*** Opening Records to use ***

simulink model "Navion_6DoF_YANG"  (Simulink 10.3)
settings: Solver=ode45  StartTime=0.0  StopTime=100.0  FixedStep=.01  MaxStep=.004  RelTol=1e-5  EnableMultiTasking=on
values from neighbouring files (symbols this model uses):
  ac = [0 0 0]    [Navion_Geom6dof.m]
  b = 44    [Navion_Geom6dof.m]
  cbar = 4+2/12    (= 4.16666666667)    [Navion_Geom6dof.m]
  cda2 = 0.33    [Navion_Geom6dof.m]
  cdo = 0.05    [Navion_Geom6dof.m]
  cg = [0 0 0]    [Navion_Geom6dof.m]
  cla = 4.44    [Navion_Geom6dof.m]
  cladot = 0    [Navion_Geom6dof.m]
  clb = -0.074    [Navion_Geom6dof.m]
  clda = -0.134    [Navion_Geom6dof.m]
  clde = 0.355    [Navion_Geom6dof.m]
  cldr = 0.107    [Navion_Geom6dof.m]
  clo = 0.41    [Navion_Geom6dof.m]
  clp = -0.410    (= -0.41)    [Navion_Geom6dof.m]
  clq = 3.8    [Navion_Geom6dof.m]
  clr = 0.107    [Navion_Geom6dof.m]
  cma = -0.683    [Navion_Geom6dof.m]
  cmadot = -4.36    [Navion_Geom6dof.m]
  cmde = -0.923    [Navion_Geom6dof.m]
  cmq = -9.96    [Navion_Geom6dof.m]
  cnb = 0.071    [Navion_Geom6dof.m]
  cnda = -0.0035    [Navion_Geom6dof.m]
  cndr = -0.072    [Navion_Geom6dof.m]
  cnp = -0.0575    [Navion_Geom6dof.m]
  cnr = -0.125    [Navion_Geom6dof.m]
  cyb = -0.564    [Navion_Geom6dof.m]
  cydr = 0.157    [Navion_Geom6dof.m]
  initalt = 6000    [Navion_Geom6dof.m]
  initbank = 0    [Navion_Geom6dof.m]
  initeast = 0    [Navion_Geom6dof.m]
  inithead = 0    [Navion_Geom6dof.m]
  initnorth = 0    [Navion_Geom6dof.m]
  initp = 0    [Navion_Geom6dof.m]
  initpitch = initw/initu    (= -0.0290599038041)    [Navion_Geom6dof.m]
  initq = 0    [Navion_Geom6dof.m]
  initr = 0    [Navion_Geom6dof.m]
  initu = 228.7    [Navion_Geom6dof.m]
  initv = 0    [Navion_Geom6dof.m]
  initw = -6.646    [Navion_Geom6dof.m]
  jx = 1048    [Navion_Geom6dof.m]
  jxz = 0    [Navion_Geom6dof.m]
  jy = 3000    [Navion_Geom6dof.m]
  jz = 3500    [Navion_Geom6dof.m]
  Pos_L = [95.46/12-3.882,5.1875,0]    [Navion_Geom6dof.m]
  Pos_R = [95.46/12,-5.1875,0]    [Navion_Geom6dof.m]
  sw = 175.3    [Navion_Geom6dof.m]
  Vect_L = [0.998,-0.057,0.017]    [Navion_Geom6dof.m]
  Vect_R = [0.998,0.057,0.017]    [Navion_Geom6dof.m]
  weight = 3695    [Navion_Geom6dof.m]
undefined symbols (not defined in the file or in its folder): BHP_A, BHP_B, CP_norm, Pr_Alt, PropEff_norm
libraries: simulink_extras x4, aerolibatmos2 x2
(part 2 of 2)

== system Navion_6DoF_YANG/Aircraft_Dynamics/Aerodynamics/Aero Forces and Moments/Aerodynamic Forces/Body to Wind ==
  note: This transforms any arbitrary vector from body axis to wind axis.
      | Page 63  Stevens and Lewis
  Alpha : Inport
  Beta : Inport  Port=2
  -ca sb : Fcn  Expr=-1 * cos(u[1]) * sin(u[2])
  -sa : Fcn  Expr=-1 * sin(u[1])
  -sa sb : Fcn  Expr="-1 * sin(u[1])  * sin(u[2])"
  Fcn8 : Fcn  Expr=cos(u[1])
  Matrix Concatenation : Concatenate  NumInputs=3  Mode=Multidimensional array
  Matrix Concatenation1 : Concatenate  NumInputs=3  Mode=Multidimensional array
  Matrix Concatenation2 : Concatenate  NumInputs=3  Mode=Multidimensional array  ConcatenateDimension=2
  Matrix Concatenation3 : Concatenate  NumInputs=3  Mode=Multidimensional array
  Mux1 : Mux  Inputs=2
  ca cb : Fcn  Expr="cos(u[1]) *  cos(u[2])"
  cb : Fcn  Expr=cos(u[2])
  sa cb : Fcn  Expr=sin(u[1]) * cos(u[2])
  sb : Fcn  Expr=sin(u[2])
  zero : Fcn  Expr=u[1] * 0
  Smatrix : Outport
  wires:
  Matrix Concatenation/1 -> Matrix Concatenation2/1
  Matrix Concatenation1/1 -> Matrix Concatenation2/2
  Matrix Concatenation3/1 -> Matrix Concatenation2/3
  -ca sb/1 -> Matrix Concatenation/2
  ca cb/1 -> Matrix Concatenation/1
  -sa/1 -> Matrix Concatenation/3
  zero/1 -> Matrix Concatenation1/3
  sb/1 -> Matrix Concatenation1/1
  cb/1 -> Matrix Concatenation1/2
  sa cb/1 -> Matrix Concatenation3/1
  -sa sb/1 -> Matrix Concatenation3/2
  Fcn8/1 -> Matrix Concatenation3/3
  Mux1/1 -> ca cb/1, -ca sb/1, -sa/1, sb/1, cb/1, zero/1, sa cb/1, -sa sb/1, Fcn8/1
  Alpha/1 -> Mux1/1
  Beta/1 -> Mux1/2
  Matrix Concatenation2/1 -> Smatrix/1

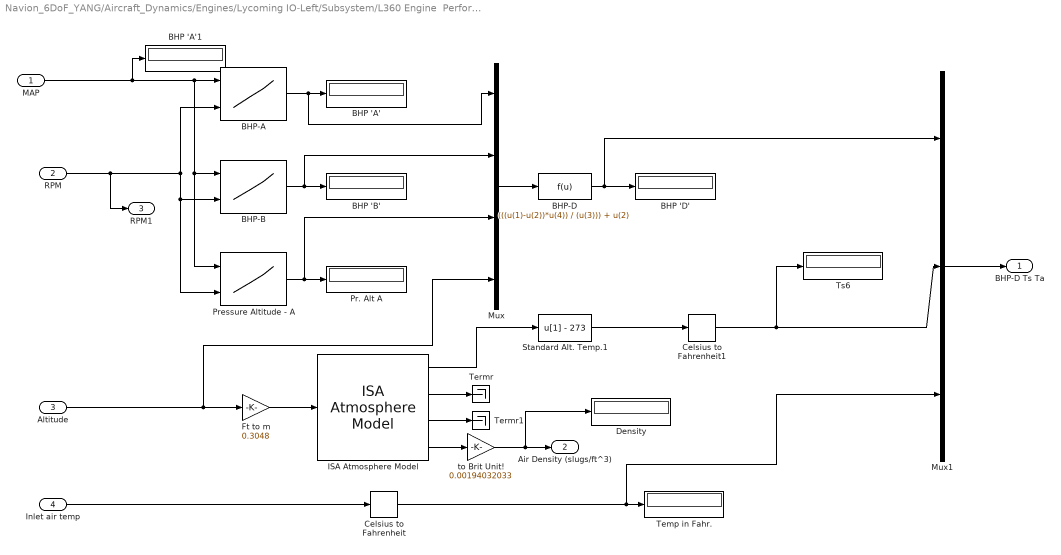
== system Navion_6DoF_YANG/Aircraft_Dynamics/Engines/Lycoming IO-Left/Subsystem/L360 Engine  Performance Data ==
  MAP : Inport
  RPM : Inport  Port=2
  Altitude : Inport  Port=3
  Inlet air temp : Inport  Port=4
  BHP 'A' : Display
  BHP 'A'1 : Display
  BHP 'B' : Display
  BHP 'D' : Display
  BHP-A : Lookup2D  RowIndex=MAP  ColumnIndex=RPM  Table=BHP_A  LookUpMeth=Interpolation-Use End Values
  BHP-B : Lookup2D  RowIndex=MAP  ColumnIndex=RPM  Table=BHP_B  LookUpMeth=Interpolation-Use End Values
  BHP-D : Fcn  Expr=(((u(1)-u(2))*u(4)) / (u(3))) + u(2)
  Celsius to Fahrenheit : simulink_extras/Transformations/Celsius to Fahrenheit
      settings: SourceProductBaseCode=SL
  Celsius to Fahrenheit1 : simulink_extras/Transformations/Celsius to Fahrenheit
      settings: SourceProductBaseCode=SL
  Density : Display
  Ft to m : Gain  Gain=0.3048
  ISA Atmosphere Model : aerolibatmos2/ISA Atmosphere Model  custom=off  g=9.80665  gamma=1.4  R=287.0531  L=0.0065  h_trop=11000  h_strat=20000  rho0=1.225  P0=101325  T0=288.15  h0=0
  Mux : Mux
  Mux1 : Mux  Inputs=3
  Pr. Alt A : Display
  Pressure Altitude - A : Lookup2D  RowIndex=MAP  ColumnIndex=RPM  Table=Pr_Alt  LookUpMeth=Interpolation-Use End Values
  Standard Alt. Temp.1 : Fcn  Expr=u[1] - 273
  Temp in Fahr. : Display
  Termr : Terminator
  Termr1 : Terminator
  Ts6 : Display
  to Brit Unit! : Gain  Gain=0.00194032033
  BHP-D Ts Ta : Outport
  Air Density (slugs/ft^3) : Outport  Port=2
  RPM1 : Outport  Port=3
  wires:
  MAP/1 -> BHP 'A'1/1, Pressure Altitude - A/1, BHP-B/1, BHP-A/1
  ISA Atmosphere Model/1 -> Standard Alt. Temp.1/1
  to Brit Unit!/1 -> Density/1, Air Density (slugs/ft^3)/1
  ISA Atmosphere Model/4 -> to Brit Unit!/1
  Altitude/1 -> Ft to m/1, Mux/4
  ISA Atmosphere Model/3 -> Termr1/1
  ISA Atmosphere Model/2 -> Termr/1
  Celsius to Fahrenheit1/1 -> Ts6/1, Mux1/2
  Standard Alt. Temp.1/1 -> Celsius to Fahrenheit1/1
  Ft to m/1 -> ISA Atmosphere Model/1
  Mux1/1 -> BHP-D Ts Ta/1
  Celsius to Fahrenheit/1 -> Temp in Fahr./1, Mux1/3
  Inlet air temp/1 -> Celsius to Fahrenheit/1
  BHP-D/1 -> Mux1/1, BHP 'D'/1
  Mux/1 -> BHP-D/1
  Pressure Altitude - A/1 -> Mux/3, Pr. Alt A/1
  BHP-A/1 -> Mux/1, BHP 'A'/1
  BHP-B/1 -> Mux/2, BHP 'B'/1
  RPM/1 -> RPM1/1, Pressure Altitude - A/2, BHP-B/2, BHP-A/2

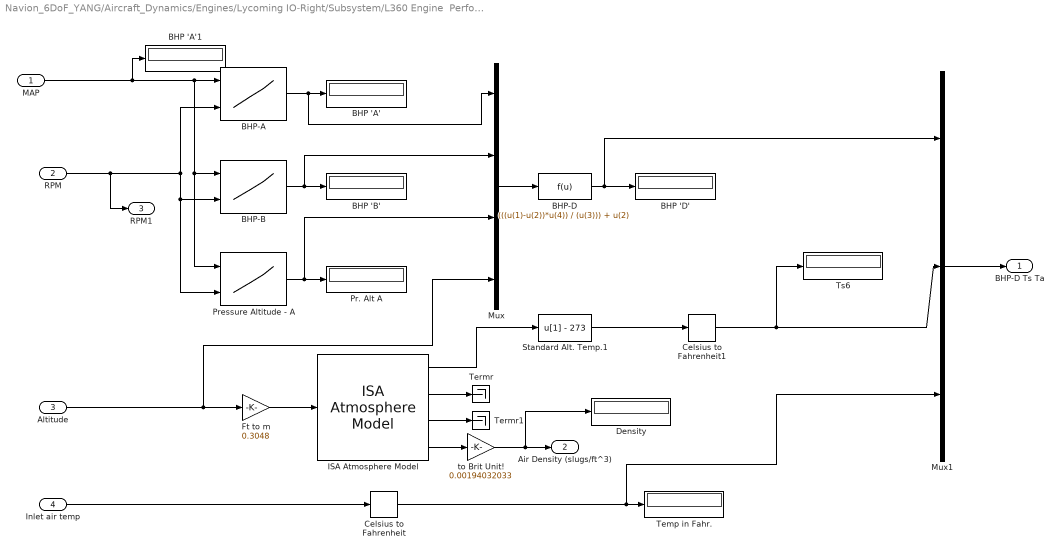
== system Navion_6DoF_YANG/Aircraft_Dynamics/Engines/Lycoming IO-Right/Subsystem/L360 Engine  Performance Data ==
  MAP : Inport
  RPM : Inport  Port=2
  Altitude : Inport  Port=3
  Inlet air temp : Inport  Port=4
  BHP 'A' : Display
  BHP 'A'1 : Display
  BHP 'B' : Display
  BHP 'D' : Display
  BHP-A : Lookup2D  RowIndex=MAP  ColumnIndex=RPM  Table=BHP_A  LookUpMeth=Interpolation-Use End Values
  BHP-B : Lookup2D  RowIndex=MAP  ColumnIndex=RPM  Table=BHP_B  LookUpMeth=Interpolation-Use End Values
  BHP-D : Fcn  Expr=(((u(1)-u(2))*u(4)) / (u(3))) + u(2)
  Celsius to Fahrenheit : simulink_extras/Transformations/Celsius to Fahrenheit
      settings: SourceProductBaseCode=SL
  Celsius to Fahrenheit1 : simulink_extras/Transformations/Celsius to Fahrenheit
      settings: SourceProductBaseCode=SL
  Density : Display
  Ft to m : Gain  Gain=0.3048
  ISA Atmosphere Model : aerolibatmos2/ISA Atmosphere Model  custom=off  g=9.80665  gamma=1.4  R=287.0531  L=0.0065  h_trop=11000  h_strat=20000  rho0=1.225  P0=101325  T0=288.15  h0=0
  Mux : Mux
  Mux1 : Mux  Inputs=3
  Pr. Alt A : Display
  Pressure Altitude - A : Lookup2D  RowIndex=MAP  ColumnIndex=RPM  Table=Pr_Alt  LookUpMeth=Interpolation-Use End Values
  Standard Alt. Temp.1 : Fcn  Expr=u[1] - 273
  Temp in Fahr. : Display
  Termr : Terminator
  Termr1 : Terminator
  Ts6 : Display
  to Brit Unit! : Gain  Gain=0.00194032033
  BHP-D Ts Ta : Outport
  Air Density (slugs/ft^3) : Outport  Port=2
  RPM1 : Outport  Port=3
  wires:
  MAP/1 -> BHP 'A'1/1, Pressure Altitude - A/1, BHP-B/1, BHP-A/1
  ISA Atmosphere Model/1 -> Standard Alt. Temp.1/1
  to Brit Unit!/1 -> Density/1, Air Density (slugs/ft^3)/1
  ISA Atmosphere Model/4 -> to Brit Unit!/1
  Altitude/1 -> Ft to m/1, Mux/4
  ISA Atmosphere Model/3 -> Termr1/1
  ISA Atmosphere Model/2 -> Termr/1
  Celsius to Fahrenheit1/1 -> Ts6/1, Mux1/2
  Standard Alt. Temp.1/1 -> Celsius to Fahrenheit1/1
  Ft to m/1 -> ISA Atmosphere Model/1
  Mux1/1 -> BHP-D Ts Ta/1
  Celsius to Fahrenheit/1 -> Temp in Fahr./1, Mux1/3
  Inlet air temp/1 -> Celsius to Fahrenheit/1
  BHP-D/1 -> Mux1/1, BHP 'D'/1
  Mux/1 -> BHP-D/1
  Pressure Altitude - A/1 -> Mux/3, Pr. Alt A/1
  BHP-A/1 -> Mux/1, BHP 'A'/1
  BHP-B/1 -> Mux/2, BHP 'B'/1
  RPM/1 -> RPM1/1, Pressure Altitude - A/2, BHP-B/2, BHP-A/2

== matlab function Aircraft_Dynamics/Engines/Lycoming IO-Left/Prop Efficiency with Cp input/Embedded MATLAB Function Retrieving Pich Angle ==
  data: CP input double; j input double; CP_norm input double; Pitch output double
function Pitch   =  fcn(CP, j, CP_norm)
%#eml

proppitch= [15 20 25 30 35 40];
tempJ = 0;
tempCP = 0;
Jindex = 1;
CPindex = 1;
% j = 0.4;
% CP = 0.22;

i=0;
for i=1:size(CP_norm,1)
    if j > CP_norm(i,1)
        
        tempJ = CP_norm(i,1);
        Jindex = i;
    end
end
for a=1:size(CP_norm,2)
    if CP > CP_norm(Jindex,a)
        tempCP = CP_norm(a,1);
        CPindex = a;
    end
end

if (CPindex ~= 0 && Jindex ~= 0)
    if (CPindex) == 7;
        Pitch = 40 ; 
    else
        if CPindex == 1
            Pitch =15;
        else
            Pitch = interp1(CP_norm(Jindex,CPindex:CPindex+1),proppitch(CPindex-1:CPindex),CP);
        end
        
    end
else
    Pitch = 15;

end
return

== matlab function Aircraft_Dynamics/Engines/Lycoming IO-Right/Prop Efficiency with Cp input/Embedded MATLAB Function Retrieving Pich Angle ==
  data: CP input double; j input double; CP_norm input double; Pitch output double
function Pitch   =  fcn(CP, j, CP_norm)
%#eml

proppitch= [15 20 25 30 35 40];
tempJ = 0;
tempCP = 0;
Jindex = 1;
CPindex = 1;
% j = 0.4;
% CP = 0.22;

i=0;
for i=1:size(CP_norm,1)
    if j > CP_norm(i,1)
        
        tempJ = CP_norm(i,1);
        Jindex = i;
    end
end
for a=1:size(CP_norm,2)
    if CP > CP_norm(Jindex,a)
        tempCP = CP_norm(a,1);
        CPindex = a;
    end
end

if (CPindex ~= 0 && Jindex ~= 0)
    if (CPindex) == 7;
        Pitch = 40 ; 
    else
        if CPindex == 1
            Pitch =15;
        else
            Pitch = interp1(CP_norm(Jindex,CPindex:CPindex+1),proppitch(CPindex-1:CPindex),CP);
        end
        
    end
else
    Pitch = 15;

end
return

*** Closing Records to use ***

What is needed is an exact copy of the entries from their first line down to the line with "cbar = 4+2/12", that line included, and nothing beyond it.

» **Solution to this exercise**:
simulink model "Navion_6DoF_YANG"  (Simulink 10.3)
settings: Solver=ode45  StartTime=0.0  StopTime=100.0  FixedStep=.01  MaxStep=.004  RelTol=1e-5  EnableMultiTasking=on
values from neighbouring files (symbols this model uses):
  ac = [0 0 0]    [Navion_Geom6dof.m]
  b = 44    [Navion_Geom6dof.m]
  cbar = 4+2/12    (= 4.16666666667)    [Navion_Geom6dof.m]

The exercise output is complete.